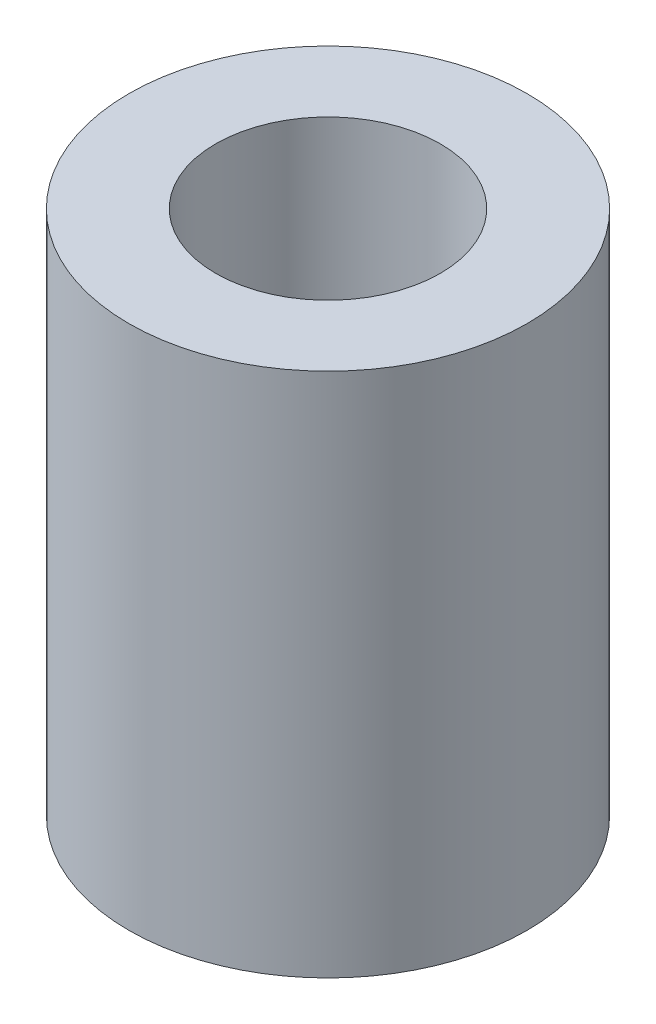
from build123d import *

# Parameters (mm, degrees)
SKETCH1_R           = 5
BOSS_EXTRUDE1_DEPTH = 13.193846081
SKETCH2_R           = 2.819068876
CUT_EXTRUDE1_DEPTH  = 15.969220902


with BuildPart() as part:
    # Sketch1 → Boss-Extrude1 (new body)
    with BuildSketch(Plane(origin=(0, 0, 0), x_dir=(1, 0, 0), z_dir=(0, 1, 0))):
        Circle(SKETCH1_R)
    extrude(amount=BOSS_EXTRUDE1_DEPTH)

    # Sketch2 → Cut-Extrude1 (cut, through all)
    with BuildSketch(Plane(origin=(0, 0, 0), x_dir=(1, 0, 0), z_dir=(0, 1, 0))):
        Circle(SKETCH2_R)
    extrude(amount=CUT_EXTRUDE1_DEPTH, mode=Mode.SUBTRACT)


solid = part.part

**WORK TO COMPLETE:** The line with "Circle(SKETCH2_R)", plus every line after it through the end of the listing, needs to be repeated exactly; nothing else belongs in the reply.

**FINISHED TASK:**
        Circle(SKETCH2_R)
    extrude(amount=CUT_EXTRUDE1_DEPTH, mode=Mode.SUBTRACT)


solid = part.part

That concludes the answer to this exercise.